WHAT TO PRODUCE:
Return the data exactly, but only from the line containing "#176=LINE('',#175,#174);" through its last line.

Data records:
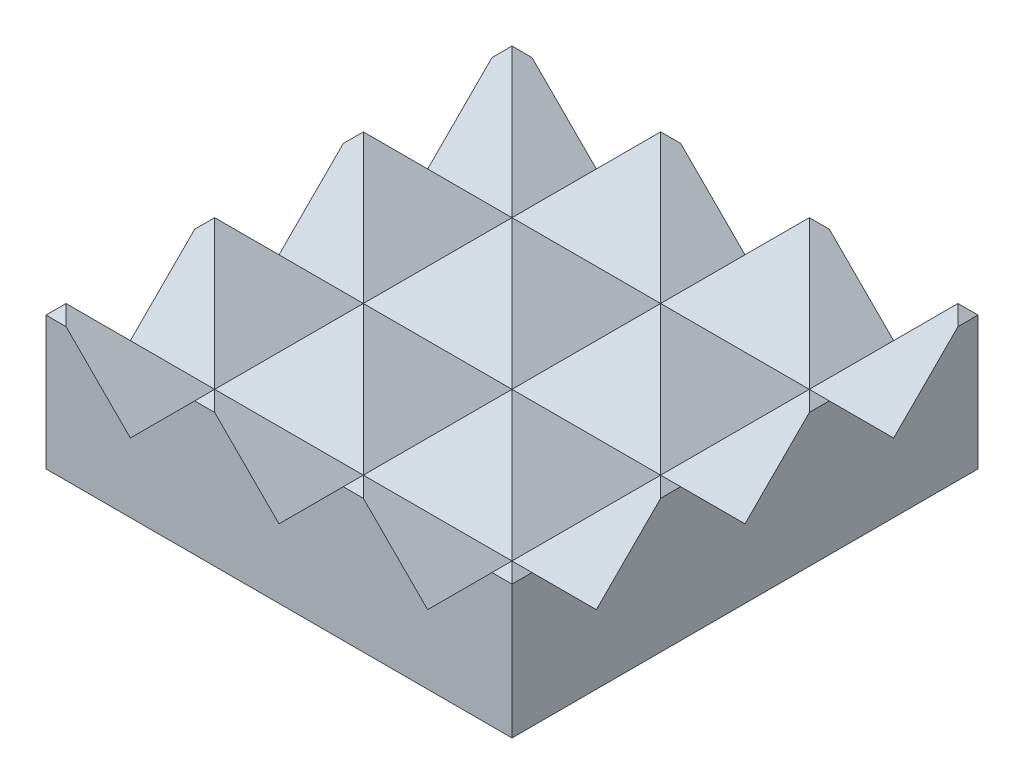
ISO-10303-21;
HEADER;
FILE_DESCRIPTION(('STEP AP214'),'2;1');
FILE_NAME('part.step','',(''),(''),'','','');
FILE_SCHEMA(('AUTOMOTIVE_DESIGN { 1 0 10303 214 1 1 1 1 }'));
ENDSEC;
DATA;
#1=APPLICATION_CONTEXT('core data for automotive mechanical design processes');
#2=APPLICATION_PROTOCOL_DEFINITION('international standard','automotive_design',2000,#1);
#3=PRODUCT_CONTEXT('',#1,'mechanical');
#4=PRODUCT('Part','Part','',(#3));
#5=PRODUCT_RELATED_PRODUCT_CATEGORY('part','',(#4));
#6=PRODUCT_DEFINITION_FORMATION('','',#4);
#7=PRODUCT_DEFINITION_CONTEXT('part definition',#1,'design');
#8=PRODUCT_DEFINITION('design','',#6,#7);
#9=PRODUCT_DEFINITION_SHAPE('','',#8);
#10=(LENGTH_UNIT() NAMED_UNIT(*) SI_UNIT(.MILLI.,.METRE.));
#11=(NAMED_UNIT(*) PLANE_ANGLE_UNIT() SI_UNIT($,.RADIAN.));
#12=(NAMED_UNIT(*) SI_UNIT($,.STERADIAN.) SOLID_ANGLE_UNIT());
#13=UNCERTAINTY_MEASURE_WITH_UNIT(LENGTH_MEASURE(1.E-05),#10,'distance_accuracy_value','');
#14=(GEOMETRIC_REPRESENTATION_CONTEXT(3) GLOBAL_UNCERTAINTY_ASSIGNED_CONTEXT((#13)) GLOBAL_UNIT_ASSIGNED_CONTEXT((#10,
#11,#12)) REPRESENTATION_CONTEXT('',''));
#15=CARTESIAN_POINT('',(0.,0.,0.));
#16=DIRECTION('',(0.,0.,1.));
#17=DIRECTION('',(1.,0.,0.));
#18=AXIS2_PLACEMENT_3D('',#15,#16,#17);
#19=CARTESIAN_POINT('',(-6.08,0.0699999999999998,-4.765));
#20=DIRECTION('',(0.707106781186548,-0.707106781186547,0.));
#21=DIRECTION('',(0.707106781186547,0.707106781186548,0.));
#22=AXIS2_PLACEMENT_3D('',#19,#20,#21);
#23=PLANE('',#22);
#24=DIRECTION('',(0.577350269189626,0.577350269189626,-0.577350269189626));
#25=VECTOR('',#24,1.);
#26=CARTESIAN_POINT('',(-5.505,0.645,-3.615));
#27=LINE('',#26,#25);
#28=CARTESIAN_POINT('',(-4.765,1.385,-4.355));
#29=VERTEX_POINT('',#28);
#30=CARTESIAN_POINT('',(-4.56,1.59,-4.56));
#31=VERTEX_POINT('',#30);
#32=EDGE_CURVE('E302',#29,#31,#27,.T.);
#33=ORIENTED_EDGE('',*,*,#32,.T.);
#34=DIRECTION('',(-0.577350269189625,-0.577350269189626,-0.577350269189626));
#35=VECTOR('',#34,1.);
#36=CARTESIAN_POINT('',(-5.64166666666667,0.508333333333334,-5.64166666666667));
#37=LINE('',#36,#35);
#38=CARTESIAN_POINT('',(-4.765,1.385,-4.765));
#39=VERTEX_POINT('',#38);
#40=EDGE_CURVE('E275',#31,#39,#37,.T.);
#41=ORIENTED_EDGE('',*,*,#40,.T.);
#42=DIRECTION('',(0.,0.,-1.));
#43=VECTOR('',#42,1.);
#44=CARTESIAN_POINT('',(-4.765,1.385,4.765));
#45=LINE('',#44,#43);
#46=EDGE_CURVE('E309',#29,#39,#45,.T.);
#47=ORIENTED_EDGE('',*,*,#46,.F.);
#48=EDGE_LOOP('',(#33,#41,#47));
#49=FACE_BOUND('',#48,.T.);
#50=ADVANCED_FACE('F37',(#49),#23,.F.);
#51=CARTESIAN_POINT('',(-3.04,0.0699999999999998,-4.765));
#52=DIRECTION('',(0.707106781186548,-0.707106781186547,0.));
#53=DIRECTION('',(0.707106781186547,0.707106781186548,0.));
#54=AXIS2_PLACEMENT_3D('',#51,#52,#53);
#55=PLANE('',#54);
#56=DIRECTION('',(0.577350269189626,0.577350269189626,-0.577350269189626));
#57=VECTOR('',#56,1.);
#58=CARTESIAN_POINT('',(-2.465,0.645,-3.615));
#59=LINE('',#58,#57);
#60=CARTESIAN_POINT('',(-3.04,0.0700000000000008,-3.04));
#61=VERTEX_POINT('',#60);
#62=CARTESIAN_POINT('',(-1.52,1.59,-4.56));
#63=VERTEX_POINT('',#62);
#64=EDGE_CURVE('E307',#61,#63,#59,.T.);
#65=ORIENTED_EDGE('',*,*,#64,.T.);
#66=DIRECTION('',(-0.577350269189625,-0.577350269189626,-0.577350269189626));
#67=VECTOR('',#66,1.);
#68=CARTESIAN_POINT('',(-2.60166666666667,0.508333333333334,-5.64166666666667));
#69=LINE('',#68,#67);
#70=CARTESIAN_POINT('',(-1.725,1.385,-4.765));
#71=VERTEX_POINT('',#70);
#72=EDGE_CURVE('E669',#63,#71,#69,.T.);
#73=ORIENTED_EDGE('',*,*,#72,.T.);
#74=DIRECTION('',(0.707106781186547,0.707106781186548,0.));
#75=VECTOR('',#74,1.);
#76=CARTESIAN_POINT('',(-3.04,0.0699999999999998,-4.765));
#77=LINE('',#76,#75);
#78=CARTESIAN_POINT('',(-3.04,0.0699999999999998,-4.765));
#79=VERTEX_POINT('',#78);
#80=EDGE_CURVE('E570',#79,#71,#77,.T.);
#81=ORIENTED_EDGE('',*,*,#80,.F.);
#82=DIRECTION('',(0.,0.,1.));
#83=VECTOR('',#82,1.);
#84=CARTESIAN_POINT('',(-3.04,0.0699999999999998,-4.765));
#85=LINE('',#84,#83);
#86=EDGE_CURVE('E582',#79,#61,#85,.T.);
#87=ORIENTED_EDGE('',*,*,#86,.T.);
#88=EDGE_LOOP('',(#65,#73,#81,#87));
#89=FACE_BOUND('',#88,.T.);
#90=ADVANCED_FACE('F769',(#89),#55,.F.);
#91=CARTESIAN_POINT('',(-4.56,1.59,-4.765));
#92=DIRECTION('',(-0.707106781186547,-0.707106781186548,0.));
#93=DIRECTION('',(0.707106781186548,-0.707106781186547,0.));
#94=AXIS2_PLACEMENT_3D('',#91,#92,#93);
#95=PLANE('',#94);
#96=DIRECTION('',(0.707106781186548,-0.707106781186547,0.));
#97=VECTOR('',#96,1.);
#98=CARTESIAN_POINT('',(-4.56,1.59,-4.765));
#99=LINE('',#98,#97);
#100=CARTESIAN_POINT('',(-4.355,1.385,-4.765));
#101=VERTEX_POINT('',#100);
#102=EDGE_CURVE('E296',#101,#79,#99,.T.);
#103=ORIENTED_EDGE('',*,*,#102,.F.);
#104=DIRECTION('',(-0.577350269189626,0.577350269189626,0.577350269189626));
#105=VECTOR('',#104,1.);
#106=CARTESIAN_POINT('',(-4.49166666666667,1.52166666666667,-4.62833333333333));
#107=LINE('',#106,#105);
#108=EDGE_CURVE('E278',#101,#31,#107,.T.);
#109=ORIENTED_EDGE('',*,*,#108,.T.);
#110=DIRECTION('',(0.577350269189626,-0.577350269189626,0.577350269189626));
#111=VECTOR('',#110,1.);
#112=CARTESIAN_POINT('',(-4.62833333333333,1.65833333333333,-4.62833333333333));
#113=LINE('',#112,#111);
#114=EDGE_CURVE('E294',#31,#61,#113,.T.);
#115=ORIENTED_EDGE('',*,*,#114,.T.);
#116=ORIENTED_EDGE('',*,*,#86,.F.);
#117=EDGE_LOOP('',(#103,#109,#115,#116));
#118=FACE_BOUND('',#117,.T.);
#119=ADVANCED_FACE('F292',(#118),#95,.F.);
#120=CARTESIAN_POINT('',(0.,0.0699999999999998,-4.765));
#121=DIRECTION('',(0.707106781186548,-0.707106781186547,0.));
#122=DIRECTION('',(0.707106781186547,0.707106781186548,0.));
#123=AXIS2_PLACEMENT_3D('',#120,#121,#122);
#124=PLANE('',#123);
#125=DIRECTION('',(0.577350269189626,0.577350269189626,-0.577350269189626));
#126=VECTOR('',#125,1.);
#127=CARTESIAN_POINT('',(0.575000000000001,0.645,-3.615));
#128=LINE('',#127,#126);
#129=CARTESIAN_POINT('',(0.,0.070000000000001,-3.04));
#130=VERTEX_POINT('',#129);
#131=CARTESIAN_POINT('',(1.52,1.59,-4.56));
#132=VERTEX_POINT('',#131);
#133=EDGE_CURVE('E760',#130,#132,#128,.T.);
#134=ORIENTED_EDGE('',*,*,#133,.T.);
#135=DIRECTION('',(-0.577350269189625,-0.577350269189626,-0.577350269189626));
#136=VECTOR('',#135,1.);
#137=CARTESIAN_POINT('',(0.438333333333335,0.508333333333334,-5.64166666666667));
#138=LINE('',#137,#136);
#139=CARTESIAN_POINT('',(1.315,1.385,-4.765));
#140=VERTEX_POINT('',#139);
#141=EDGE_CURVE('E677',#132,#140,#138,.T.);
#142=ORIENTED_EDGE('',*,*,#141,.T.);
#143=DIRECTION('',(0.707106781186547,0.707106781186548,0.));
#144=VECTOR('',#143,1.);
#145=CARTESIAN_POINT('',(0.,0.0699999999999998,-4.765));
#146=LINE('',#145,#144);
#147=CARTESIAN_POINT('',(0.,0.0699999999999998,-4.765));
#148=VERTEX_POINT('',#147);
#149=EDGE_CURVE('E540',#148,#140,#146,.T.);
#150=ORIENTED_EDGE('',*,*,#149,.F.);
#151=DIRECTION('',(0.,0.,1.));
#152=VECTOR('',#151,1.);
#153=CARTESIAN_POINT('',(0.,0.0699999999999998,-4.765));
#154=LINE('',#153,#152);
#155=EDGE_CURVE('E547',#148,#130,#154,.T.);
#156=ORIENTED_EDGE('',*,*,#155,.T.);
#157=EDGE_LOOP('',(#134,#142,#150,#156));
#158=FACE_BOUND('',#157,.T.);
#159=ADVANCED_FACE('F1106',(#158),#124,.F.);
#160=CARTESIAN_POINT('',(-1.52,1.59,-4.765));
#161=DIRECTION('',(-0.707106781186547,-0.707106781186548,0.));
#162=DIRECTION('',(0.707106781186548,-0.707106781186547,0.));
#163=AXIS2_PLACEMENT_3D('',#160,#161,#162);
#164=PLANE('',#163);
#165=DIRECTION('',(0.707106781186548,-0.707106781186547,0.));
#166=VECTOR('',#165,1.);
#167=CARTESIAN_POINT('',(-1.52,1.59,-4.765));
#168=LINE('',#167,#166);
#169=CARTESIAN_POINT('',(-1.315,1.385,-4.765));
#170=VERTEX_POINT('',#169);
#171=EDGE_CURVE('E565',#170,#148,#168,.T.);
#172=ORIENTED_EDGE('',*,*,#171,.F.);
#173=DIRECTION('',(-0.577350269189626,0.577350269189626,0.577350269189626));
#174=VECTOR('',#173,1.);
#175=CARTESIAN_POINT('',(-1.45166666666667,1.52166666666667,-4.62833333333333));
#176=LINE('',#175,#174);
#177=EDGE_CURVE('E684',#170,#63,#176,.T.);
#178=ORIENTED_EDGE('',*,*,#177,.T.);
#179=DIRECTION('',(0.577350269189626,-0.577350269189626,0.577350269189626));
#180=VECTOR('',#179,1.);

EXERCISE SOLUTION:
#176=LINE('',#175,#174);
#177=EDGE_CURVE('E684',#170,#63,#176,.T.);
#178=ORIENTED_EDGE('',*,*,#177,.T.);
#179=DIRECTION('',(0.577350269189626,-0.577350269189626,0.577350269189626));
#180=VECTOR('',#179,1.);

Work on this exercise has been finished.